### Material provided
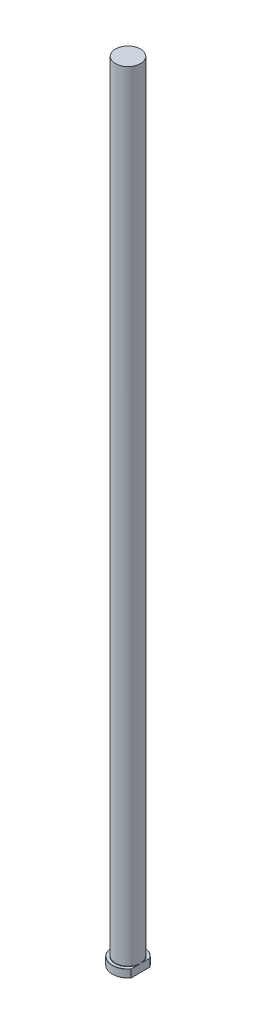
ISO-10303-21;
HEADER;
FILE_DESCRIPTION(('STEP AP214'),'2;1');
FILE_NAME('part.step','',(''),(''),'','','');
FILE_SCHEMA(('AUTOMOTIVE_DESIGN { 1 0 10303 214 1 1 1 1 }'));
ENDSEC;
DATA;
#1=APPLICATION_CONTEXT('core data for automotive mechanical design processes');
#2=APPLICATION_PROTOCOL_DEFINITION('international standard','automotive_design',2000,#1);
#3=PRODUCT_CONTEXT('',#1,'mechanical');
#4=PRODUCT('Part','Part','',(#3));
#5=PRODUCT_RELATED_PRODUCT_CATEGORY('part','',(#4));
#6=PRODUCT_DEFINITION_FORMATION('','',#4);
#7=PRODUCT_DEFINITION_CONTEXT('part definition',#1,'design');
#8=PRODUCT_DEFINITION('design','',#6,#7);
#9=PRODUCT_DEFINITION_SHAPE('','',#8);
#10=(LENGTH_UNIT() NAMED_UNIT(*) SI_UNIT(.MILLI.,.METRE.));
#11=(NAMED_UNIT(*) PLANE_ANGLE_UNIT() SI_UNIT($,.RADIAN.));
#12=(NAMED_UNIT(*) SI_UNIT($,.STERADIAN.) SOLID_ANGLE_UNIT());
#13=UNCERTAINTY_MEASURE_WITH_UNIT(LENGTH_MEASURE(1.E-05),#10,'distance_accuracy_value','');
#14=(GEOMETRIC_REPRESENTATION_CONTEXT(3) GLOBAL_UNCERTAINTY_ASSIGNED_CONTEXT((#13)) GLOBAL_UNIT_ASSIGNED_CONTEXT((#10,
#11,#12)) REPRESENTATION_CONTEXT('',''));
#15=CARTESIAN_POINT('',(0.,0.,0.));
#16=DIRECTION('',(0.,0.,1.));
#17=DIRECTION('',(1.,0.,0.));
#18=AXIS2_PLACEMENT_3D('',#15,#16,#17);
#19=CARTESIAN_POINT('',(0.,0.,0.));
#20=DIRECTION('',(0.,-1.,0.));
#21=DIRECTION('',(0.,0.,-1.));
#22=AXIS2_PLACEMENT_3D('',#19,#20,#21);
#23=PLANE('',#22);
#24=CARTESIAN_POINT('',(0.,0.,0.));
#25=DIRECTION('',(0.,-1.,0.));
#26=DIRECTION('',(0.,0.,-1.));
#27=AXIS2_PLACEMENT_3D('',#24,#25,#26);
#28=CIRCLE('',#27,19.7999999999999);
#29=CARTESIAN_POINT('',(16.,0.,11.6636186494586));
#30=VERTEX_POINT('',#29);
#31=CARTESIAN_POINT('',(16.,0.,-11.6636186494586));
#32=VERTEX_POINT('',#31);
#33=EDGE_CURVE('E98',#30,#32,#28,.T.);
#34=ORIENTED_EDGE('',*,*,#33,.T.);
#35=DIRECTION('',(0.,0.,1.));
#36=VECTOR('',#35,1.);
#37=CARTESIAN_POINT('',(16.,0.,-12.));
#38=LINE('',#37,#36);
#39=EDGE_CURVE('E83',#32,#30,#38,.T.);
#40=ORIENTED_EDGE('',*,*,#39,.T.);
#41=EDGE_LOOP('',(#34,#40));
#42=FACE_BOUND('',#41,.T.);
#43=ADVANCED_FACE('F32',(#42),#23,.T.);
#44=CARTESIAN_POINT('',(0.,259.958771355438,0.));
#45=DIRECTION('',(0.,1.,0.));
#46=DIRECTION('',(0.,0.,1.));
#47=AXIS2_PLACEMENT_3D('',#44,#45,#46);
#48=CYLINDRICAL_SURFACE('',#47,20.);
#49=CARTESIAN_POINT('',(0.,9.80000000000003,0.));
#50=DIRECTION('',(0.,1.,0.));
#51=DIRECTION('',(0.,0.,1.));
#52=AXIS2_PLACEMENT_3D('',#49,#50,#51);
#53=CIRCLE('',#52,20.);
#54=CARTESIAN_POINT('',(16.,9.80000000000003,12.));
#55=VERTEX_POINT('',#54);
#56=CARTESIAN_POINT('',(16.,9.80000000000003,-12.));
#57=VERTEX_POINT('',#56);
#58=EDGE_CURVE('E104',#55,#57,#53,.F.);
#59=ORIENTED_EDGE('',*,*,#58,.T.);
#60=DIRECTION('',(0.,-1.,0.));
#61=VECTOR('',#60,1.);
#62=CARTESIAN_POINT('',(16.,1000.,-12.));
#63=LINE('',#62,#61);
#64=CARTESIAN_POINT('',(16.,0.200000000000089,-12.));
#65=VERTEX_POINT('',#64);
#66=EDGE_CURVE('E183',#57,#65,#63,.T.);
#67=ORIENTED_EDGE('',*,*,#66,.T.);
#68=CARTESIAN_POINT('',(0.,0.200000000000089,0.));
#69=DIRECTION('',(0.,-1.,0.));
#70=DIRECTION('',(0.,0.,-1.));
#71=AXIS2_PLACEMENT_3D('',#68,#69,#70);
#72=CIRCLE('',#71,20.);
#73=CARTESIAN_POINT('',(16.,0.200000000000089,12.));
#74=VERTEX_POINT('',#73);
#75=EDGE_CURVE('E100',#65,#74,#72,.F.);
#76=ORIENTED_EDGE('',*,*,#75,.T.);
#77=DIRECTION('',(0.,-1.,0.));
#78=VECTOR('',#77,1.);
#79=CARTESIAN_POINT('',(16.,1000.,12.));
#80=LINE('',#79,#78);
#81=EDGE_CURVE('E93',#55,#74,#80,.T.);
#82=ORIENTED_EDGE('',*,*,#81,.F.);
#83=EDGE_LOOP('',(#59,#67,#76,#82));
#84=FACE_BOUND('',#83,.T.);
#85=ADVANCED_FACE('F158',(#84),#48,.T.);
#86=CARTESIAN_POINT('',(-20.,10.,0.));
#87=DIRECTION('',(0.,1.,0.));
#88=DIRECTION('',(0.,0.,1.));
#89=AXIS2_PLACEMENT_3D('',#86,#87,#88);
#90=PLANE('',#89);
#91=CARTESIAN_POINT('',(0.,10.,0.));
#92=DIRECTION('',(0.,1.,0.));
#93=DIRECTION('',(0.,0.,1.));
#94=AXIS2_PLACEMENT_3D('',#91,#92,#93);
#95=CIRCLE('',#94,19.7999999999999);
#96=CARTESIAN_POINT('',(16.,10.,-11.6636186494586));
#97=VERTEX_POINT('',#96);
#98=CARTESIAN_POINT('',(16.,10.,11.6636186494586));
#99=VERTEX_POINT('',#98);
#100=EDGE_CURVE('E178',#97,#99,#95,.T.);
#101=ORIENTED_EDGE('',*,*,#100,.T.);
#102=DIRECTION('',(0.,0.,-1.));
#103=VECTOR('',#102,1.);
#104=CARTESIAN_POINT('',(16.,10.,0.));
#105=LINE('',#104,#103);
#106=CARTESIAN_POINT('',(16.,10.,3.1128764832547));
#107=VERTEX_POINT('',#106);
#108=EDGE_CURVE('E57',#99,#107,#105,.T.);
#109=ORIENTED_EDGE('',*,*,#108,.T.);
#110=CARTESIAN_POINT('',(0.,10.,0.));
#111=DIRECTION('',(0.,1.,0.));
#112=DIRECTION('',(0.,0.,1.));
#113=AXIS2_PLACEMENT_3D('',#110,#111,#112);
#114=CIRCLE('',#113,16.3);
#115=CARTESIAN_POINT('',(16.,10.,-3.11287648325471));
#116=VERTEX_POINT('',#115);
#117=EDGE_CURVE('E107',#107,#116,#114,.F.);
#118=ORIENTED_EDGE('',*,*,#117,.T.);
#119=EDGE_CURVE('E136',#116,#97,#105,.T.);
#120=ORIENTED_EDGE('',*,*,#119,.T.);
#121=EDGE_LOOP('',(#101,#109,#118,#120));
#122=FACE_BOUND('',#121,.T.);
#123=ADVANCED_FACE('F147',(#122),#90,.T.);
#124=CARTESIAN_POINT('',(0.,10.,0.));
#125=DIRECTION('',(0.,-1.,0.));
#126=DIRECTION('',(0.,0.,-1.));
#127=AXIS2_PLACEMENT_3D('',#124,#125,#126);
#128=CONICAL_SURFACE('',#127,19.7999999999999,0.785398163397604);
#129=ORIENTED_EDGE('',*,*,#58,.F.);
#130=CARTESIAN_POINT('',(16.,-1.07064884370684,26.4006999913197));
#131=CARTESIAN_POINT('',(16.,-0.733156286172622,26.0060486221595));
#132=CARTESIAN_POINT('',(16.,-0.396819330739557,25.6104050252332));
#133=CARTESIAN_POINT('',(16.,0.27320617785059,24.8168690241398));
#134=CARTESIAN_POINT('',(16.,0.606894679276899,24.4189765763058));
#135=CARTESIAN_POINT('',(16.,1.27144329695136,23.6204891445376));
#136=CARTESIAN_POINT('',(16.,1.60230187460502,23.2198928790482));
#137=CARTESIAN_POINT('',(16.,2.26059114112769,22.4158945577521));
#138=CARTESIAN_POINT('',(16.,2.58802184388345,22.0124925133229));
#139=CARTESIAN_POINT('',(16.,3.24766747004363,21.1916872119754));
#140=CARTESIAN_POINT('',(16.,3.57977582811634,20.7741982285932));
#141=CARTESIAN_POINT('',(16.,4.23919239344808,19.9354474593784));
#142=CARTESIAN_POINT('',(16.,4.566500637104,19.5141857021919));
#143=CARTESIAN_POINT('',(16.,5.21544461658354,18.6674666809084));
#144=CARTESIAN_POINT('',(16.,5.53708166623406,18.2420104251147));
#145=CARTESIAN_POINT('',(16.,6.17378218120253,17.386199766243));
#146=CARTESIAN_POINT('',(16.,6.48884565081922,16.9558453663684));
#147=CARTESIAN_POINT('',(16.,7.11176935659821,16.08872181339));
#148=CARTESIAN_POINT('',(16.,7.41961501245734,15.651942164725));
#149=CARTESIAN_POINT('',(16.,8.02597466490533,14.7719292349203));
#150=CARTESIAN_POINT('',(16.,8.32448855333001,14.3286958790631));
#151=CARTESIAN_POINT('',(16.,8.91052998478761,13.4344389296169));
#152=CARTESIAN_POINT('',(16.,9.19804754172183,12.983408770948));
#153=CARTESIAN_POINT('',(16.,9.75938980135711,12.0728858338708));
#154=CARTESIAN_POINT('',(16.,10.0332147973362,11.6133932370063));
#155=CARTESIAN_POINT('',(16.,10.561533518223,10.6892898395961));
#156=CARTESIAN_POINT('',(16.,10.8161891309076,10.2247720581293));
#157=CARTESIAN_POINT('',(16.,11.3053445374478,9.28510847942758));
#158=CARTESIAN_POINT('',(16.,11.539841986,8.809961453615));
#159=CARTESIAN_POINT('',(16.,11.9836278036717,7.84885100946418));
#160=CARTESIAN_POINT('',(16.,12.1929556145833,7.36290596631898));
#161=CARTESIAN_POINT('',(16.,12.5811435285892,6.37912337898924));
#162=CARTESIAN_POINT('',(16.,12.7600157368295,5.88129064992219));
#163=CARTESIAN_POINT('',(16.,13.0861366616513,4.85753764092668));
#164=CARTESIAN_POINT('',(16.,13.2321910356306,4.3312282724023));
#165=CARTESIAN_POINT('',(16.,13.4164504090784,3.53379728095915));
#166=CARTESIAN_POINT('',(16.,13.4720698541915,3.26663533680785));
#167=CARTESIAN_POINT('',(16.,13.5709016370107,2.73003918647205));
#168=CARTESIAN_POINT('',(16.,13.6141156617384,2.460605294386));
#169=CARTESIAN_POINT('',(16.,13.6872774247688,1.92117630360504));
#170=CARTESIAN_POINT('',(16.,13.7172841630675,1.65118922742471));
#171=CARTESIAN_POINT('',(16.,13.7638048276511,1.11005042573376));
#172=CARTESIAN_POINT('',(16.,13.7803188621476,0.83889870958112));
#173=CARTESIAN_POINT('',(16.,13.7995586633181,0.296109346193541));
#174=CARTESIAN_POINT('',(16.,13.8022847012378,0.0244717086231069));
#175=CARTESIAN_POINT('',(16.,13.7939006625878,-0.518588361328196));
#176=CARTESIAN_POINT('',(16.,13.7827905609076,-0.790010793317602));
#177=CARTESIAN_POINT('',(16.,13.7469663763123,-1.33142514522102));
#178=CARTESIAN_POINT('',(16.,13.7222788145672,-1.60141882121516));
#179=CARTESIAN_POINT('',(16.,13.6597540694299,-2.13989179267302));
#180=CARTESIAN_POINT('',(16.,13.6219151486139,-2.40837088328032));
#181=CARTESIAN_POINT('',(16.,13.4895557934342,-3.21066813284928));
#182=CARTESIAN_POINT('',(16.,13.3761851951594,-3.74145456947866));
#183=CARTESIAN_POINT('',(16.,13.1048507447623,-4.79469191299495));
#184=CARTESIAN_POINT('',(16.,12.9466209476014,-5.31707285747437));
#185=CARTESIAN_POINT('',(16.,12.6815624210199,-6.09095035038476));
#186=CARTESIAN_POINT('',(16.,12.5885858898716,-6.34730496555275));
#187=CARTESIAN_POINT('',(16.,12.3942381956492,-6.85681818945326));
#188=CARTESIAN_POINT('',(16.,12.2928668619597,-7.10997673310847));
#189=CARTESIAN_POINT('',(16.,11.9087737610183,-8.02895093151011));
#190=CARTESIAN_POINT('',(16.,11.6032209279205,-8.68528507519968));
#191=CARTESIAN_POINT('',(16.,10.9520387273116,-9.97785473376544));
#192=CARTESIAN_POINT('',(16.,10.606384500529,-10.6140774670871));
#193=CARTESIAN_POINT('',(16.,9.88410853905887,-11.8704402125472));
#194=CARTESIAN_POINT('',(16.,9.50742027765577,-12.490541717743));
#195=CARTESIAN_POINT('',(16.,8.73104614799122,-13.7158784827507));
#196=CARTESIAN_POINT('',(16.,8.33136526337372,-14.3211169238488));
#197=CARTESIAN_POINT('',(16.,7.51225576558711,-15.522152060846));
#198=CARTESIAN_POINT('',(16.,7.09274396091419,-16.1178917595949));
#199=CARTESIAN_POINT('',(16.,6.23957009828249,-17.2991512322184));
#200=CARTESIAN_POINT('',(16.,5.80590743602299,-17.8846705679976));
######
* **What you should do**
Using the data above, reproduce exactly the lines from the line that contains "#68=CARTESIAN_POINT('',(0.,0.200000000000089,0.));" through the line that contains "#120=ORIENTED_EDGE('',*,*,#119,.T.);", including both.

* **Answer box**
#68=CARTESIAN_POINT('',(0.,0.200000000000089,0.));
#69=DIRECTION('',(0.,-1.,0.));
#70=DIRECTION('',(0.,0.,-1.));
#71=AXIS2_PLACEMENT_3D('',#68,#69,#70);
#72=CIRCLE('',#71,20.);
#73=CARTESIAN_POINT('',(16.,0.200000000000089,12.));
#74=VERTEX_POINT('',#73);
#75=EDGE_CURVE('E100',#65,#74,#72,.F.);
#76=ORIENTED_EDGE('',*,*,#75,.T.);
#77=DIRECTION('',(0.,-1.,0.));
#78=VECTOR('',#77,1.);
#79=CARTESIAN_POINT('',(16.,1000.,12.));
#80=LINE('',#79,#78);
#81=EDGE_CURVE('E93',#55,#74,#80,.T.);
#82=ORIENTED_EDGE('',*,*,#81,.F.);
#83=EDGE_LOOP('',(#59,#67,#76,#82));
#84=FACE_BOUND('',#83,.T.);
#85=ADVANCED_FACE('F158',(#84),#48,.T.);
#86=CARTESIAN_POINT('',(-20.,10.,0.));
#87=DIRECTION('',(0.,1.,0.));
#88=DIRECTION('',(0.,0.,1.));
#89=AXIS2_PLACEMENT_3D('',#86,#87,#88);
#90=PLANE('',#89);
#91=CARTESIAN_POINT('',(0.,10.,0.));
#92=DIRECTION('',(0.,1.,0.));
#93=DIRECTION('',(0.,0.,1.));
#94=AXIS2_PLACEMENT_3D('',#91,#92,#93);
#95=CIRCLE('',#94,19.7999999999999);
#96=CARTESIAN_POINT('',(16.,10.,-11.6636186494586));
#97=VERTEX_POINT('',#96);
#98=CARTESIAN_POINT('',(16.,10.,11.6636186494586));
#99=VERTEX_POINT('',#98);
#100=EDGE_CURVE('E178',#97,#99,#95,.T.);
#101=ORIENTED_EDGE('',*,*,#100,.T.);
#102=DIRECTION('',(0.,0.,-1.));
#103=VECTOR('',#102,1.);
#104=CARTESIAN_POINT('',(16.,10.,0.));
#105=LINE('',#104,#103);
#106=CARTESIAN_POINT('',(16.,10.,3.1128764832547));
#107=VERTEX_POINT('',#106);
#108=EDGE_CURVE('E57',#99,#107,#105,.T.);
#109=ORIENTED_EDGE('',*,*,#108,.T.);
#110=CARTESIAN_POINT('',(0.,10.,0.));
#111=DIRECTION('',(0.,1.,0.));
#112=DIRECTION('',(0.,0.,1.));
#113=AXIS2_PLACEMENT_3D('',#110,#111,#112);
#114=CIRCLE('',#113,16.3);
#115=CARTESIAN_POINT('',(16.,10.,-3.11287648325471));
#116=VERTEX_POINT('',#115);
#117=EDGE_CURVE('E107',#107,#116,#114,.F.);
#118=ORIENTED_EDGE('',*,*,#117,.T.);
#119=EDGE_CURVE('E136',#116,#97,#105,.T.);
#120=ORIENTED_EDGE('',*,*,#119,.T.);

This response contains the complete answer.